* WHAT THE TASK REQUIRES *
I would like each line of the data that holds the word "picture" copied out.

(SOURCE RECORDS Opens)

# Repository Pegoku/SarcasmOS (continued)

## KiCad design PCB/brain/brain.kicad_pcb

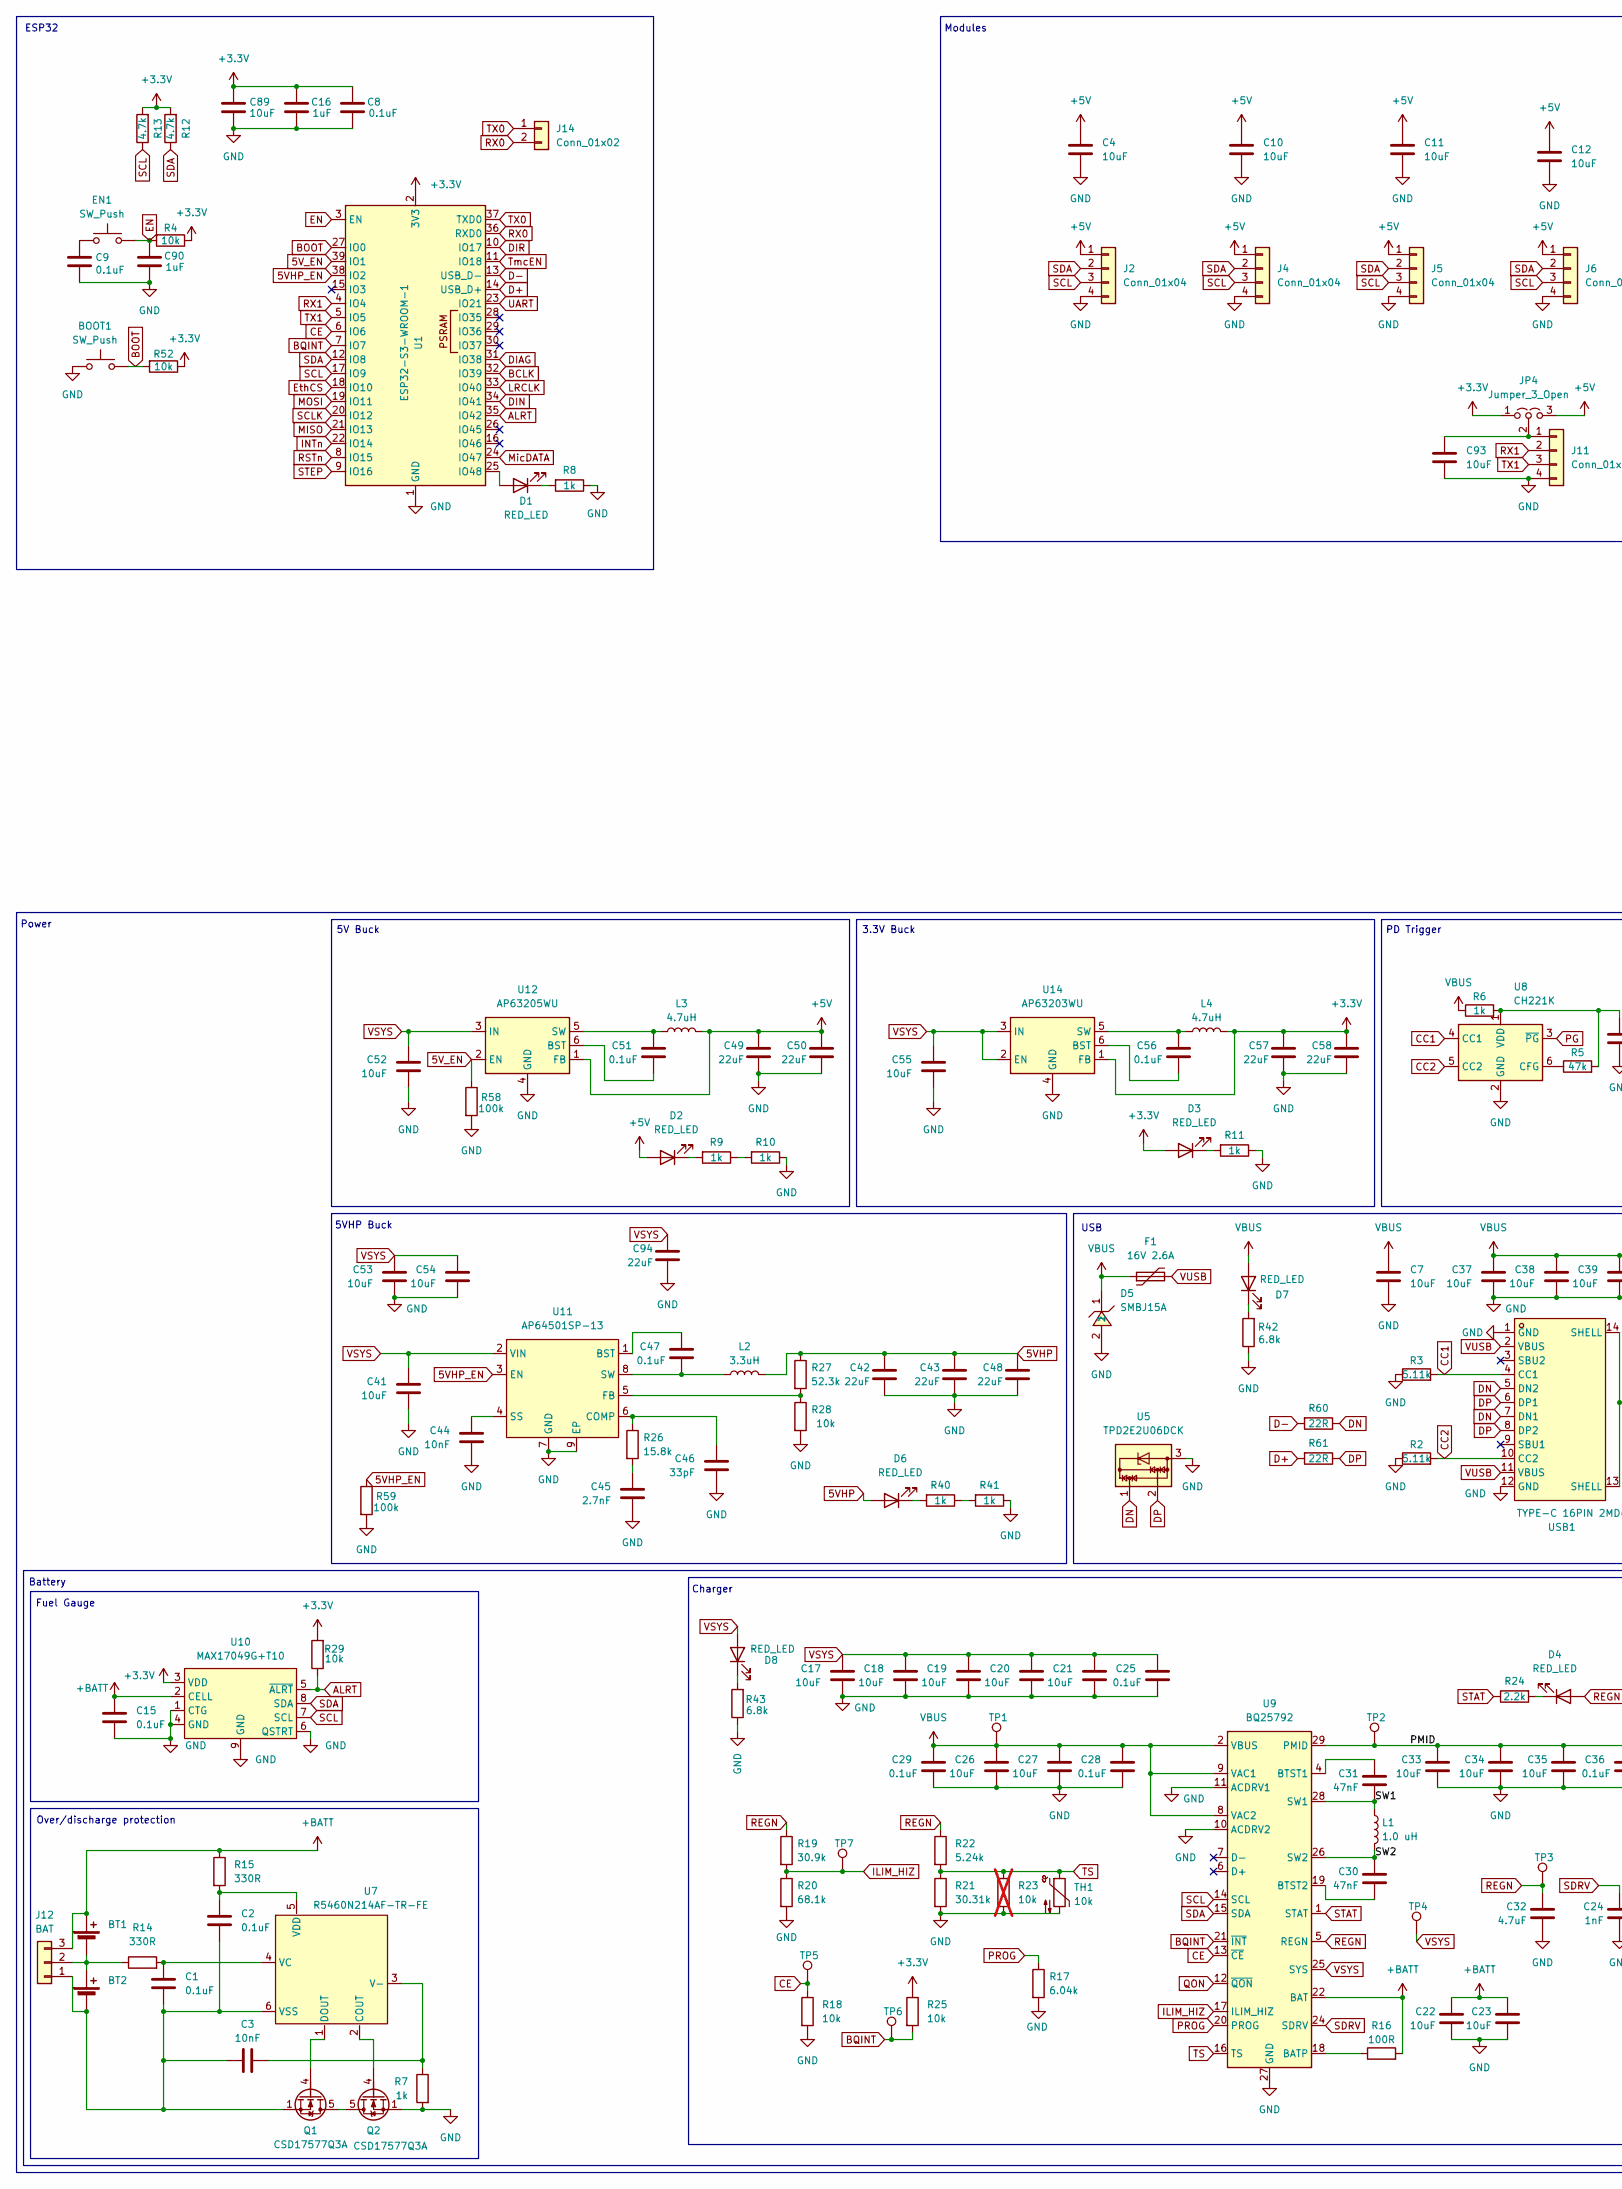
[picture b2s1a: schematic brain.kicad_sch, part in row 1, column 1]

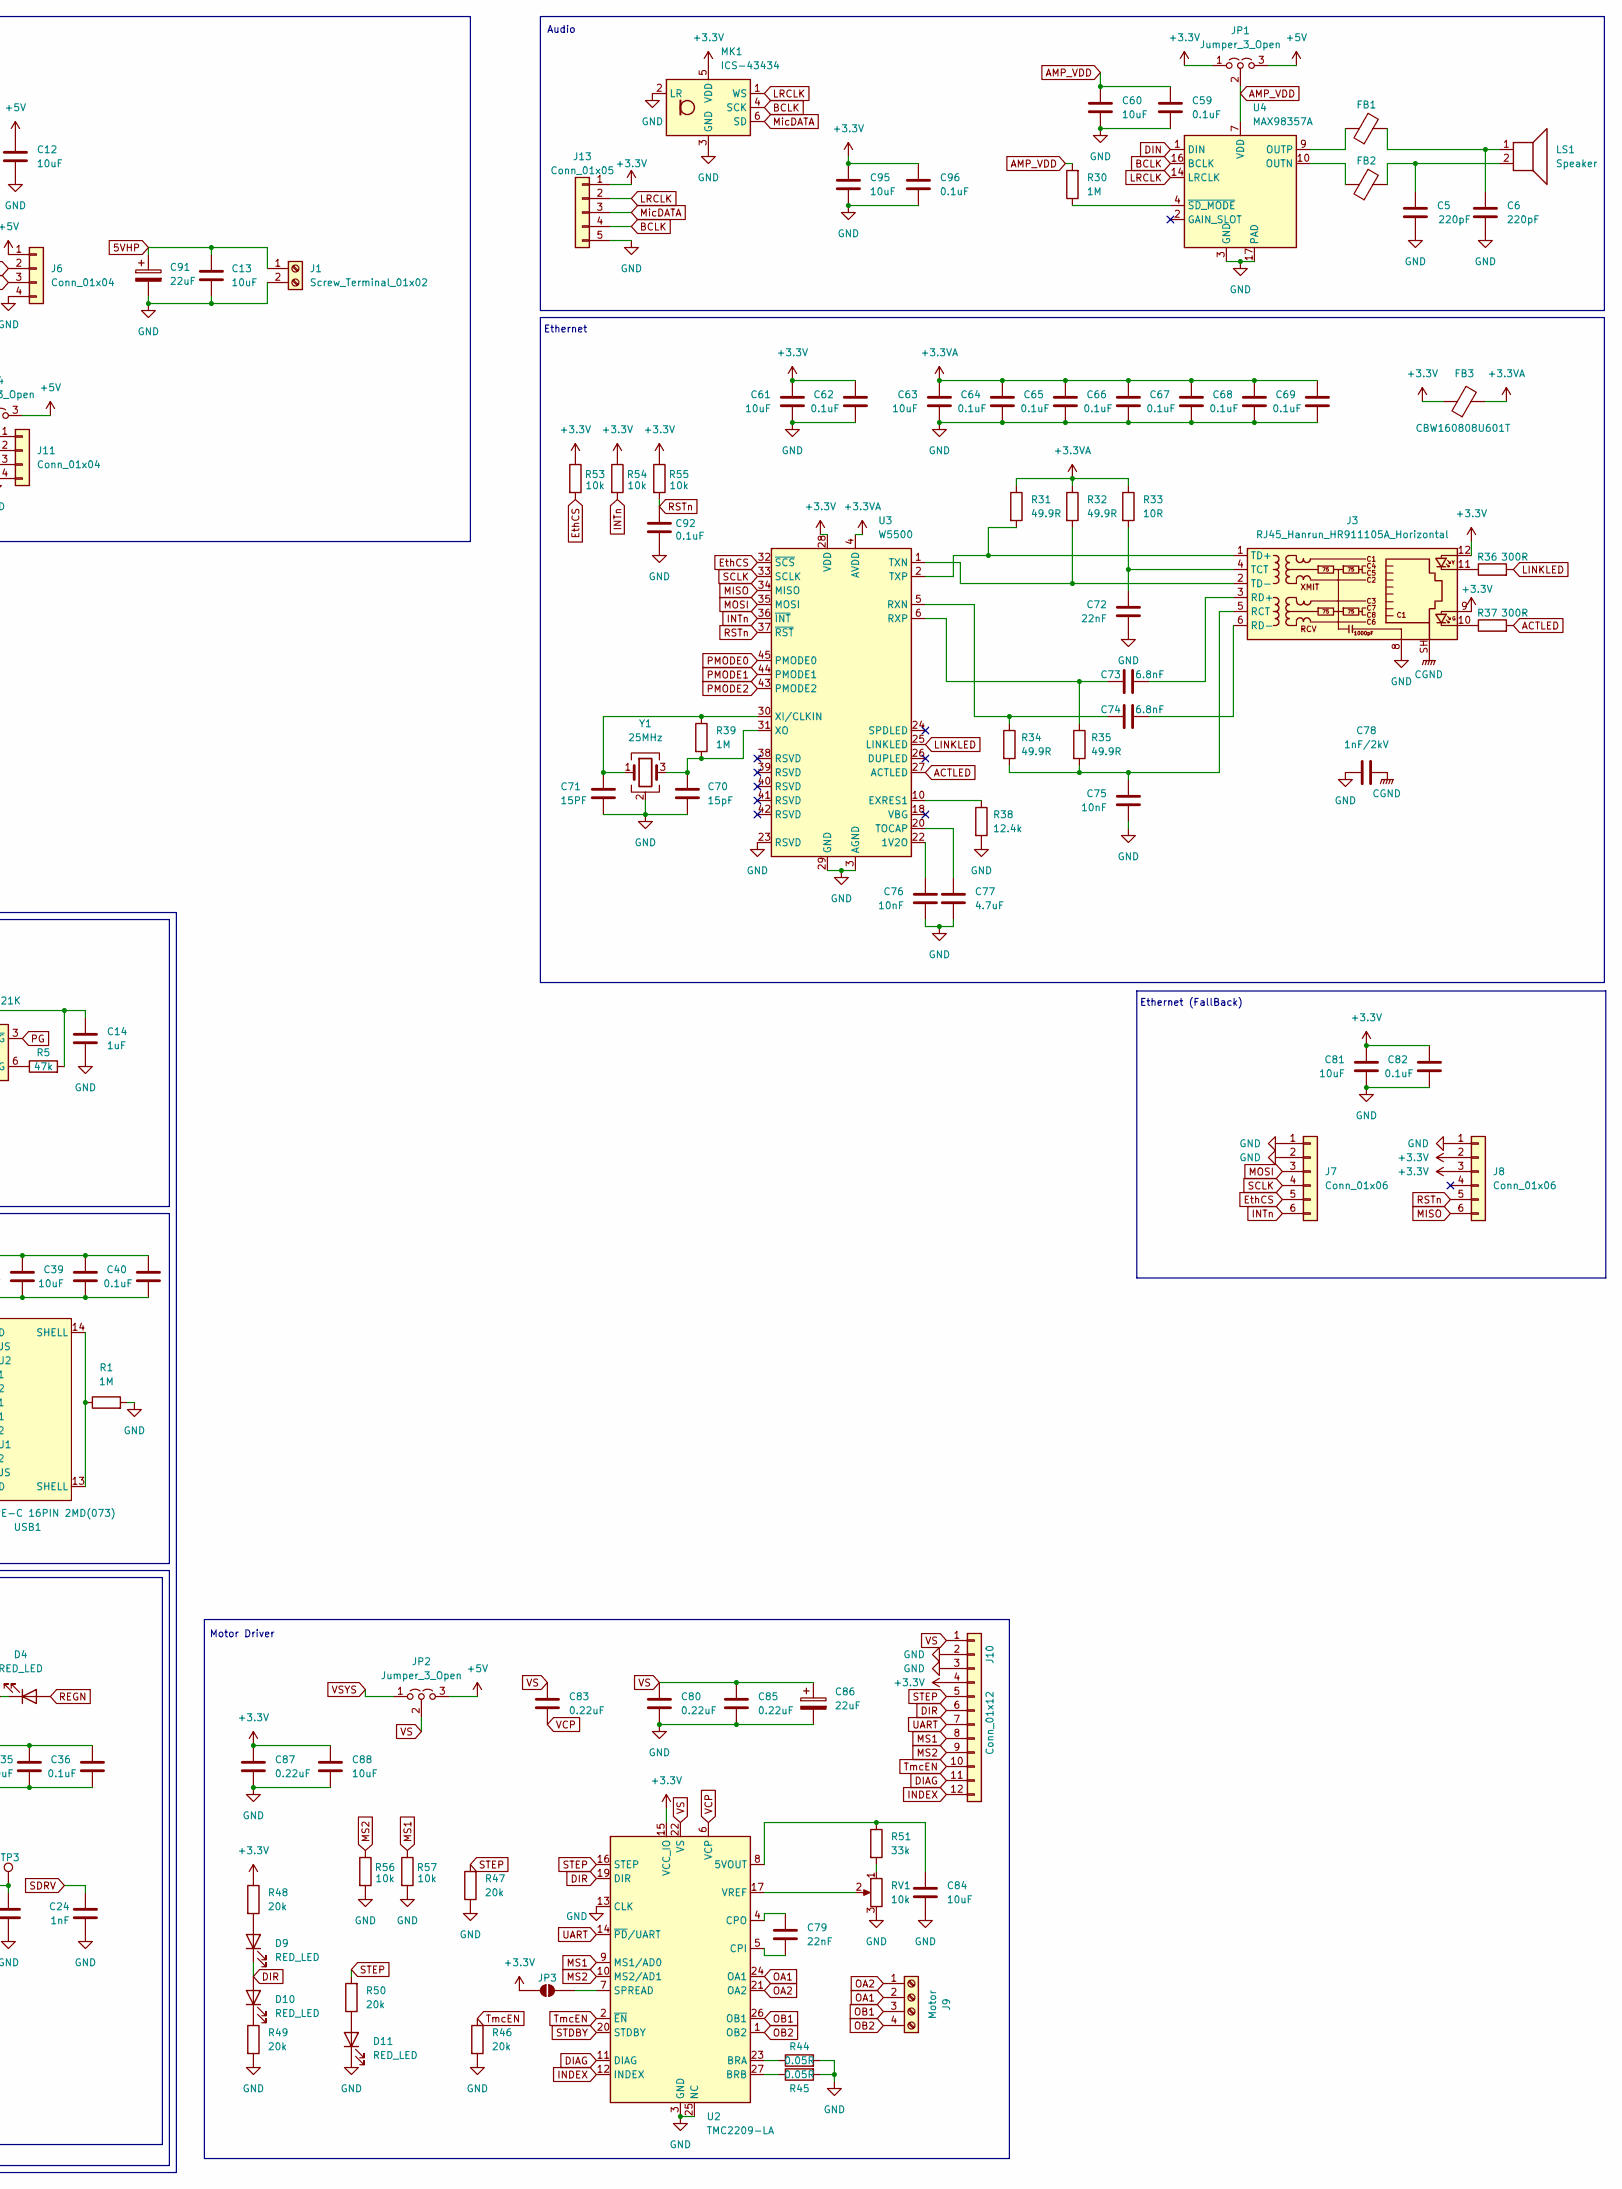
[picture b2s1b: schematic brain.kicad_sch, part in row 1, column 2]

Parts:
BOOT1: SW_Push; SW_SPST_TS-1088-xR025; LCSC Part C720477
BT1, BT2: Battery_Cell; PinHeader_1x02_P2.54mm_Vertical
C1, C2, C15, C29, C47, C51, C56, C92: 0.1uF; C_0603_1608Metric
C3, C44, C75, C76: 10nF; C_0603_1608Metric
C4, C7, C10, C11, C12, C13, C60, C61, C63, C81, C84, C88, C89, C93, C95: 10uF; C_0603_1608Metric
C5, C6: 220pF; C_0603_1608Metric
C8, C25, C28, C36, C40, C59, C62, C64, C65, C66, C67, C68, C69, C96: 0.1uF; C_0402_1005Metric; LCSC Part C77020
C9, C82: 0.1uF; C_0402_1005Metric
C14, C16, C90: 1uF; C_0603_1608Metric
C17, C18, C19, C20, C21, C22, C23, C26, C27, C33, C34, C35, C37, C38, C39, C41, C52, C53, C54, C55: 10uF; C_0603_1608Metric; LCSC Part C194427
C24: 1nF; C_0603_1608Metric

(SOURCE RECORDS Closes)

* OUTPUT OF THE TASK *
[picture b2s1a: schematic brain.kicad_sch, part in row 1, column 1]
[picture b2s1b: schematic brain.kicad_sch, part in row 1, column 2]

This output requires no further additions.